The report concedes that work needs to be done to give lenders more confidence in the transition bond market, noting that the market response thus far has been "mixed" due to concerns around the relevance, reliability and availability of transition pathways proposed by issuers. In recent months, some green or climate bonds have faced criticism from some investors and campaigners, who have alleged that investments labelled as "green" have been used to fund high carbon projects and industries.

However, the CBI said a "consensus-building process" already was underway, pointing to a white paper published last autumn that explored how the transition bond market could be better streamlined and regulated, as well as a handbook released by the International Capital Market Association (ICMA) in December. However, it recommended investors place the rapidly growing segment under "continual scrutiny" to help ensure so-called "transition-washing" does not occur.

Elsewhere, the CBI's analysis explores "the rise of the sovereign GSS bond club," noting that 10 new players entered the market this year, bringing the total number to 22. The non-profit predicts this number will snowball over the coming years, arguing that sovereign bonds are a no-brainer for the 110 countries that have committed to achieving some form of "carbon neutrality" by mid-century, as well as for governments that have pledged to deliver a "green recovery" from the pandemic. The U.K. is set to join the league this summer, when it plans to launch its maiden sovereign green bond.

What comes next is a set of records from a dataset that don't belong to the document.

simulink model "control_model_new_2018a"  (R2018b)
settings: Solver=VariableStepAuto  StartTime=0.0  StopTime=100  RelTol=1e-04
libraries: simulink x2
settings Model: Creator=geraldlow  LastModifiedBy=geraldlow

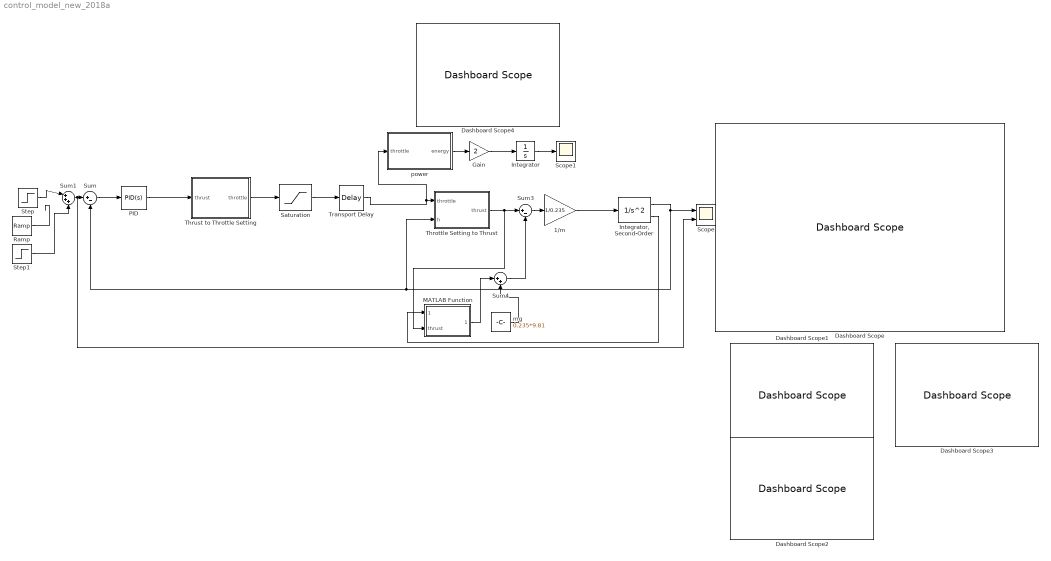
== system control_model_new_2018a ==
  1/m : Gain  Gain=1/0.235
  Dashboard Scope : DashboardScope  WebBlockId=85
  Dashboard Scope1 : DashboardScope  WebBlockId=86
  Dashboard Scope2 : DashboardScope  WebBlockId=87
  Dashboard Scope3 : DashboardScope  WebBlockId=89
  Dashboard Scope4 : DashboardScope  WebBlockId=88
  Gain : Gain  Gain=2
  Integrator : Integrator
  "Integrator, Second-Order" : SecondOrderIntegrator  ICX=0  LimitX=on  LowerLimitX=0
  MATLAB Function : MATLAB Function  TreatAsAtomicUnit=on
  PID : simulink/Continuous/PID Controller  Controller=PID  Form=Parallel  TimeDomain=Continuous-time  SampleTime=-1  IntegratorMethod=Forward Euler  FilterMethod=Forward Euler  ControllerParametersSource=internal  P=.2  I=1.3e-01  D=1.8  UseFilter=on  N=78.67  TunerSelectOption=Transfer Function Based (PID Tuner App)  InitialConditionSource=internal  InitialConditionForIntegrator=0  InitialConditionForFilter=0  DifferentiatorICPrevScaledInput=0  ExternalReset=none  TrackingMode=off  Kt=1  LimitOutput=off  UpperSaturationLimit=inf  LowerSaturationLimit=-inf  LinearizeAsGain=on  AntiWindupMode=none  Kb=1  POutMin=[]  POutMax=[]  IOutMin=[]  IOutMax=[]  DOutMin=[]  DOutMax=[]  NOutMin=[]  NOutMax=[]  SumOutMin=[]  SumOutMax=[]  SaturationOutMin=[]  SaturationOutMax=[]  PParamMin=[]  PParamMax=[]  IParamMin=[]  IParamMax=[]  DParamMin=[]  DParamMax=[]  NParamMin=[]  NParamMax=[]  KbParamMin=[]  KbParamMax=[]  KtParamMin=[]  KtParamMax=[]  KbOutMin=[]  KbOutMax=[]  KtOutMin=[]  KtOutMax=[]  IntegratorOutMin=[]  IntegratorOutMax=[]  FilterOutMin=[]  FilterOutMax=[]  SumI1OutMin=[]  SumI1OutMax=[]  SumI2OutMin=[]  SumI2OutMax=[]  SumI3OutMin=[]  SumI3OutMax=[]  SumI4OutMin=[]  SumI4OutMax=[]  SumDOutMin=[]  SumDOutMax=[]  DifferentiatorOutMin=[]  DifferentiatorOutMax=[]  FilterDiffOutCoefMin=[]  FilterDiffOutCoefMax=[]  ReciprocalOutMin=[]  ReciprocalOutMax=[]  SumDenOutMin=[]  SumDenOutMax=[]  SumNumOutMin=[]  SumNumOutMax=[]  DivideOutMin=[]  DivideOutMax=[]  IntegratorContinuousStateAttributes=''  IntegratorStateMustResolveToSignalObject=off  IntegratorRTWStateStorageClass=Auto  FilterContinuousStateAttributes=''  FilterStateMustResolveToSignalObject=off  FilterRTWStateStorageClass=Auto  ParallelPVariant=InternalParameters  IdealPVariant=Disabled  IVariant=InternalParameters  DVariant=InternalParameters  IntegratorVariant=Continuous  SatVariant=Disabled  AWVariant=Passthrough  PCopyVariant=Disabled  TRVariant=Disabled  FdbkBlocksVariant=Forward  IdealPFdbkVariant=Disabled  SatFdbkVariant=Disabled  DerivativeFilterVariant=ContFilter  NVariant=InternalParameters  NCopyVariant=Disabled  FilterICVariant=InternalICsFilter  IntegratorICVariant=InternalICs  ExternalResetVariant=Disabled  TRSumVariant=Passthrough  SumFdbkVariant=Disabled  SumVariant=Sum_PID
  Ramp : simulink/Sources/Ramp  slope=.125  start=15  InitialOutput=0
  Saturation : Saturate  UpperLimit=100  LowerLimit=0
  Scope : Scope  NumInputPorts=2
  Scope1 : Scope
  Step : Step  Time=10  After=.7  SampleTime=0
  Step1 : Step  Time=20  After=.5  SampleTime=0
  Sum : Sum  Inputs=|+-
  Sum1 : Sum  Inputs=|+++
  Sum3 : Sum  Inputs=|+-
  Sum4 : Sum  Inputs=|++
  Throttle Setting to Thrust : MATLAB Function  TreatAsAtomicUnit=on
  Thrust to Throttle Setting : MATLAB Function  TreatAsAtomicUnit=on
  Transport Delay : TransportDelay  DelayTime=.2
  mg : Constant  Value=0.235*9.81
  power : MATLAB Function  TreatAsAtomicUnit=on
  wires:
  Sum/1 -> PID/1
  Thrust to Throttle Setting/1(throttle) -> Saturation/1
  mg/1 -> Sum4/2
  Sum3/1 -> 1/m/1
  "Integrator, Second-Order"/1 -> Scope/1, Sum/2, Throttle Setting to Thrust/2(h)
  Sum1/1 -> Sum/1, Scope/2
  Sum4/1 -> Sum3/2
  MATLAB Function/1(friction) -> Sum4/1
  Throttle Setting to Thrust/1(thrust) -> MATLAB Function/2(thrust), Sum3/1
  1/m/1 -> "Integrator, Second-Order"/1
  Ramp/1 -> ?
  PID/1 -> Thrust to Throttle Setting/1(thrust)
  Step/1 -> Sum1/1
  Step1/1 -> Sum1/3
  Integrator/1 -> Scope1/1
  power/1(energy) -> Gain/1
  Gain/1 -> Integrator/1
  "Integrator, Second-Order"/2 -> MATLAB Function/1(velocity)
  Saturation/1 -> Transport Delay/1
  Transport Delay/1 -> Throttle Setting to Thrust/1(throttle), power/1(throttle)

== matlab function control_model_new_2018a/Throttle Setting to Thrust ==
  data: throttle input; thrust output; h input
function thrust = fcn(throttle, h)
r=0.1524;
if throttle < 1
   thrust = 0;
elseif throttle > 88
   thrust=2*9.81*.66;
else
   thrust=2*9.81*(0.1+(.66-0.1)/(88-1)*(throttle-1));
end

   h=h+0.05;
   thrust=thrust/(1-r^2/(16*h^2))-h*r^2/(2*sqrt(4*h^2)^3);
end

== matlab function control_model_new_2018a/Thrust to Throttle Setting ==
  data: thrust input; throttle output
function throttle = fcn(thrust)
% (.66-0.1)/(88-1)*2*9.81 = 0.1263
throttle = (thrust / 0.1263)+.8;
end

== matlab function control_model_new_2018a/MATLAB Function ==
  data: velocity input; friction output; thrust input
function friction   = fcn(velocity, thrust)
epsilon = 0.005; %small perturbation
mg = 0.235*9.81;
% Get reasonable values for x1, x2, l
x1 = 0.0125;
x2 = 0.0125;
l = 0.221;
netforce = thrust-mg; %mg should be a constant defined.
mu = 0.15; %coeff of dynamic friction
%static friction
if abs(velocity) < epsilon && abs(netforce) < 0.13*9.81 && netforce > 0
    friction = netforce;
elseif abs(velocity) < epsilon && abs(netforce) < 0.13*9.81 && netforce < 0
    friction = -netforce;
elseif velocity > 0
    friction=2*mu*(mg*x1-thrust*x2)/l;
elseif velocity < 0
    friction=-2*mu*(mg*x1-thrust*x2)/l;
else
    friction=0;
end

== matlab function control_model_new_2018a/power ==
  data: throttle input; energy output
function energy =power(throttle)
epsilon=0.001;
if throttle<epsilon
    energy=0;
elseif throttle<90

energy=(500-10)/90*throttle+10;
else
    energy=200;
end
end

The gap between current investment levels and the sustained flow of global capital in trillions towards climate and green solutions is yet to be bridged.

However, while the sustainable bond markets broke records last year, the CBI cautioned that overall debt issued still falls far short of the levels required to deliver the green infrastructure and climate solutions required to build a net-zero emission economy within three decades. "2020 was a demonstration that business-as-usual economic policy is not sufficient to address multiple and sustained shocks of the sort that climate impacts will increasingly drive," Kidney warned. "The gap between current investment levels and the sustained flow of global capital in trillions towards climate and green solutions is yet to be bridged."

Indeed, while 2021 is gearing up to be the biggest year for sustainable investment, it is clear the sector is still in its youth. The market has grown rapidly over recent years as climate policy has ratcheted up in ambition and climate risk has become a key issue for investors and financiers. But the cumulative $1.7 trillion of sustainable debt set out in this week's analysis remains but a small fraction of both the $100 trillion bond market and the $90 trillion the CBI estimates is required between now and 2050 to fund the net-zero transition. The finance sector is increasingly aware of the mobilizing role it must play in delivering a more sustainable economy — witness the numerous net-zero portfolio pledges from key investors in recent months — but it still needs to put its money where its mouth is and redress the imbalance between sustainable and so-called brown investment in the debt market.

Or, as the CBI put it last week: "Reaching an annual $1 trillion in green investment is just the beginning."